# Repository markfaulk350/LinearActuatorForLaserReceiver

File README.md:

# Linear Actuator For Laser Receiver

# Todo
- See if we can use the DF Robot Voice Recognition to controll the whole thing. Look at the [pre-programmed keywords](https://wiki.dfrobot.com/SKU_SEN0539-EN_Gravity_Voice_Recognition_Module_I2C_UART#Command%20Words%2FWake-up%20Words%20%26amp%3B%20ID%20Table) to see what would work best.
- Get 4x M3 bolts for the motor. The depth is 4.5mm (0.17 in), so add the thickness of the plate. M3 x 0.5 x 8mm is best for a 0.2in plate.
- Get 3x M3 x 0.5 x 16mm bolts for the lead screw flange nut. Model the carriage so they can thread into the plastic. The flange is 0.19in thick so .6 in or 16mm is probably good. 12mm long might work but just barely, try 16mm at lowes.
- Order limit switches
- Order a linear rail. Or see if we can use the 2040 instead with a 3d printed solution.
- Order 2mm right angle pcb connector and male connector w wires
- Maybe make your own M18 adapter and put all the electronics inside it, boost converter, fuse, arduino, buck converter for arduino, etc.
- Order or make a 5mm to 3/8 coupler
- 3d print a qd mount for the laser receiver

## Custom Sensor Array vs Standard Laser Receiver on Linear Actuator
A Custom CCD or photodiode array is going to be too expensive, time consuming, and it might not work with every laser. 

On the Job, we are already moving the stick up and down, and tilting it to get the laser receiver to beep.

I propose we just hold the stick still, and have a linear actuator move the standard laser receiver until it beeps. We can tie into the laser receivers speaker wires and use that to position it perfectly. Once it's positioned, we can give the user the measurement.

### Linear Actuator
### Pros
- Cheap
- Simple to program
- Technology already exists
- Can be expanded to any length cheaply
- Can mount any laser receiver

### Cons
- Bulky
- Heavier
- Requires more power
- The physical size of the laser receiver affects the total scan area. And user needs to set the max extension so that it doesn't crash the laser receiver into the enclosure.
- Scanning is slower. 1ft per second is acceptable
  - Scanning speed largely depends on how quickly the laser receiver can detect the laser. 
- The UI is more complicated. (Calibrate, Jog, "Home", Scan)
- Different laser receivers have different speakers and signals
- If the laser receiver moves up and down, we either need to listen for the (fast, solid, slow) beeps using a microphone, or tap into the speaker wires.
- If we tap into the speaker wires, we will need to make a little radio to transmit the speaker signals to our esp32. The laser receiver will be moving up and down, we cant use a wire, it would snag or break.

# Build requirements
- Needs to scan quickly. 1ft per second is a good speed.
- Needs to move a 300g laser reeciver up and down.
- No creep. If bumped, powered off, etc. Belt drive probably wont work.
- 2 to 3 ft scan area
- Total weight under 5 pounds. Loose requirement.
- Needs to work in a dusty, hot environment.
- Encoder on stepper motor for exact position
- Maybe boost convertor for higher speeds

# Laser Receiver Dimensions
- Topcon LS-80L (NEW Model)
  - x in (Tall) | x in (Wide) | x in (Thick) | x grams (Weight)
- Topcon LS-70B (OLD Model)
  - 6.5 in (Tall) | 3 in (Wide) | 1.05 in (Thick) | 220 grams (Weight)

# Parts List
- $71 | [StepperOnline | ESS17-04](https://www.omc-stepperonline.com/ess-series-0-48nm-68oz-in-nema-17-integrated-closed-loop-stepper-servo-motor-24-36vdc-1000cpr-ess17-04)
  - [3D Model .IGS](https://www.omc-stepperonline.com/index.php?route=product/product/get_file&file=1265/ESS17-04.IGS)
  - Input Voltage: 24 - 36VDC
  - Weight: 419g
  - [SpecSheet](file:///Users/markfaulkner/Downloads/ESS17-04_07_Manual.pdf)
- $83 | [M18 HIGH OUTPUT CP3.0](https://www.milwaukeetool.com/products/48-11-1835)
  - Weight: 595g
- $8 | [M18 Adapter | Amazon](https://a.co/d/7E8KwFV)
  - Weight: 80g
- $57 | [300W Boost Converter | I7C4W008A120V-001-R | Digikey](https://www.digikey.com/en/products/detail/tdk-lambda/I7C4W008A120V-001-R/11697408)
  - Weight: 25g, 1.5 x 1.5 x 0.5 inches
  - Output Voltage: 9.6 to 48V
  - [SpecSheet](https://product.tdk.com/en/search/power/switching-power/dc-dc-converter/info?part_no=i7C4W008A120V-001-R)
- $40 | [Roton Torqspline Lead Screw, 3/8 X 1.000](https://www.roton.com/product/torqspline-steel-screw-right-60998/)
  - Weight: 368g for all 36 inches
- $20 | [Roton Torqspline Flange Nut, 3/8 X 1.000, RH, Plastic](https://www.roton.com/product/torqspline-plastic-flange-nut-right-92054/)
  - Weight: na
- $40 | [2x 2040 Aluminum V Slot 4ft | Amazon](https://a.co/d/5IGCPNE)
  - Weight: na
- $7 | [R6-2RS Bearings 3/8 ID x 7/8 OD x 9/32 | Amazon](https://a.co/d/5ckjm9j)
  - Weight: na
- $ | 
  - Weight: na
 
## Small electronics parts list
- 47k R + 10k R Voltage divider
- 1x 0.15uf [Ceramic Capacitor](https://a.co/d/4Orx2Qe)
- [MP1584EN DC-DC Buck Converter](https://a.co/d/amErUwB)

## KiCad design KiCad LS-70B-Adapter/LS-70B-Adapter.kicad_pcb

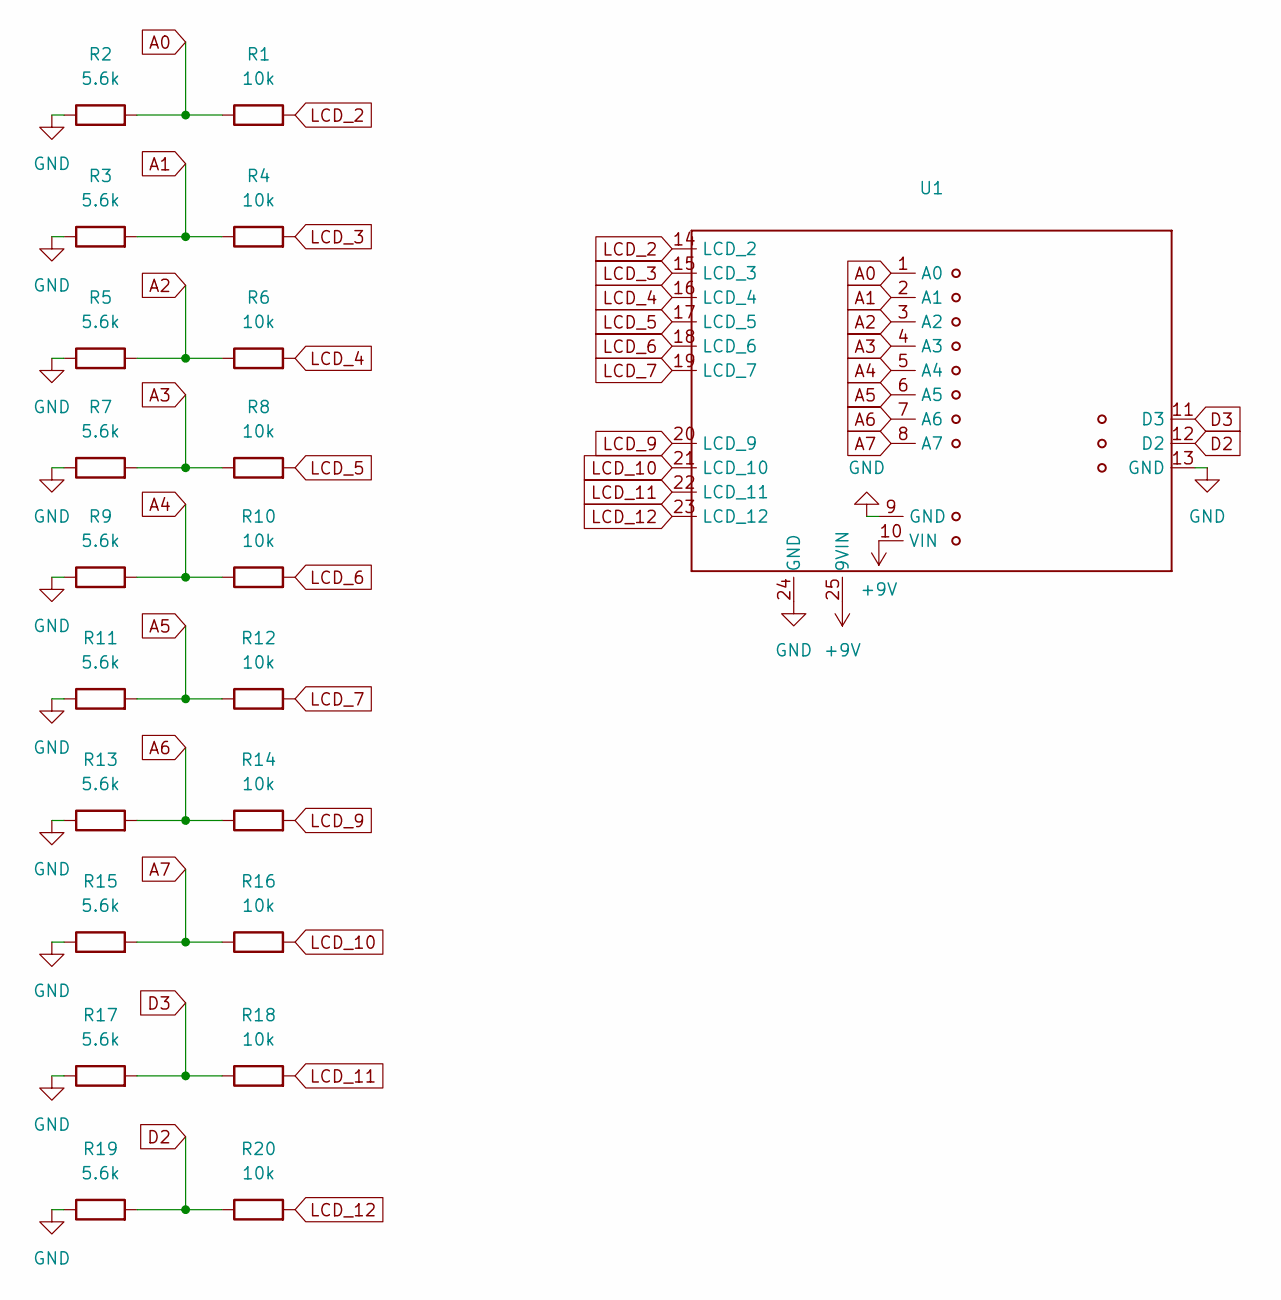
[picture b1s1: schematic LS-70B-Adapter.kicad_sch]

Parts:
R1, R4, R6, R8, R10, R12, R14, R16, R18, R20: 10k; R_0805_2012Metric_Pad1.20x1.40mm_HandSolder
R2, R3, R5, R7, R9, R11, R13, R15, R17, R19: 5.6k; R_0805_2012Metric_Pad1.20x1.40mm_HandSolder
U1: LS70B-Adapter

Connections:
+9V: U1.10 (VIN), U1.25 (9VIN)
A0: R1.1, R2.2, U1.1 (A0)
A1: R3.2, R4.1, U1.2 (A1)
A2: R5.2, R6.1, U1.3 (A2)
A3: R7.2, R8.1, U1.4 (A3)
A4: R9.2, R10.1, U1.5 (A4)
A5: R11.2, R12.1, U1.6 (A5)
A6: R13.2, R14.1, U1.7 (A6)
A7: R15.2, R16.1, U1.8 (A7)
D2: R19.2, R20.1, U1.12 (D2)
D3: R17.2, R18.1, U1.11 (D3)
GND: R2.1, R3.1, R5.1, R7.1, R9.1, R11.1, R13.1, R15.1, R17.1, R19.1, U1.9 (GND), U1.13 (GND), U1.24 (GND)
LCD_2: R1.2, U1.14 (LCD_2)
LCD_3: R4.2, U1.15 (LCD_3)
LCD_4: R6.2, U1.16 (LCD_4)
LCD_5: R8.2, U1.17 (LCD_5)
LCD_6: R10.2, U1.18 (LCD_6)
LCD_7: R12.2, U1.19 (LCD_7)
LCD_9: R14.2, U1.20 (LCD_9)
LCD_10: R16.2, U1.21 (LCD_10)
LCD_11: R18.2, U1.22 (LCD_11)
LCD_12: R20.2, U1.23 (LCD_12)

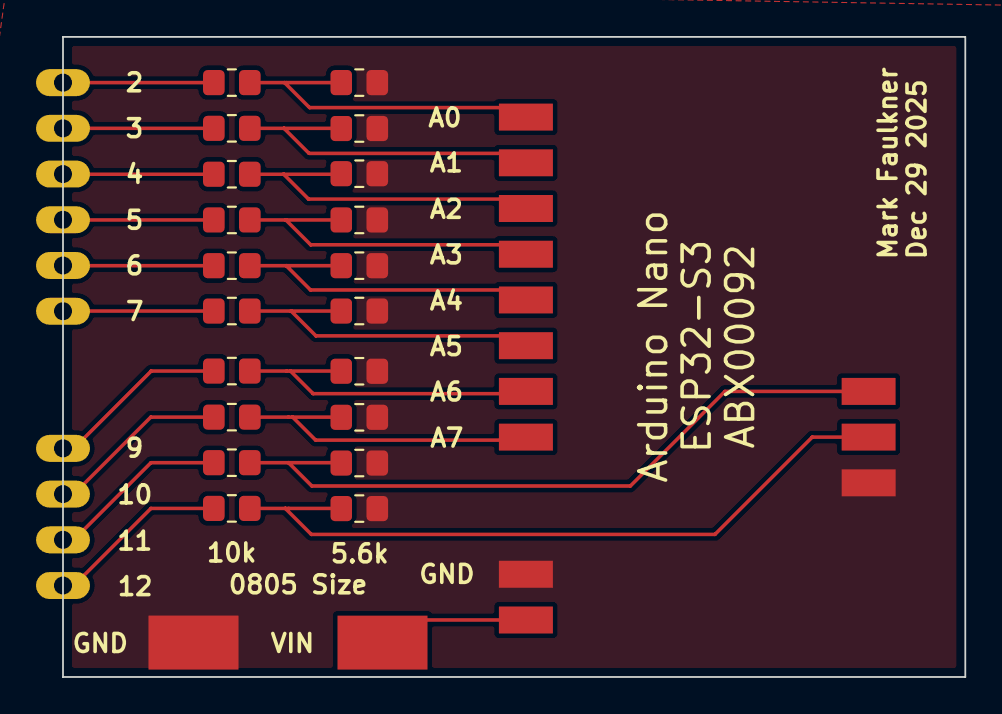
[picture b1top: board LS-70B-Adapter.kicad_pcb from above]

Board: 2 copper layers, 50.1 x 35.6 mm, 21 parts (0 on the bottom side), 22 nets.

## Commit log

2025-12-30 Added KiCad Files for PCB

——————

## TASK DESCRIPTION
Print an exact copy of the lines above, from the one containing "- 47k R + 10k R Voltage divider" through the one containing "R1, R4, R6, R8, R10, R12, R14, R16, R18, R20: 10k;", and leave out the pictures.

## OUTPUT BELOW
- 47k R + 10k R Voltage divider
- 1x 0.15uf [Ceramic Capacitor](https://a.co/d/4Orx2Qe)
- [MP1584EN DC-DC Buck Converter](https://a.co/d/amErUwB)

## KiCad design KiCad LS-70B-Adapter/LS-70B-Adapter.kicad_pcb

[picture b1s1: schematic LS-70B-Adapter.kicad_sch]

Parts:
R1, R4, R6, R8, R10, R12, R14, R16, R18, R20: 10k; R_0805_2012Metric_Pad1.20x1.40mm_HandSolder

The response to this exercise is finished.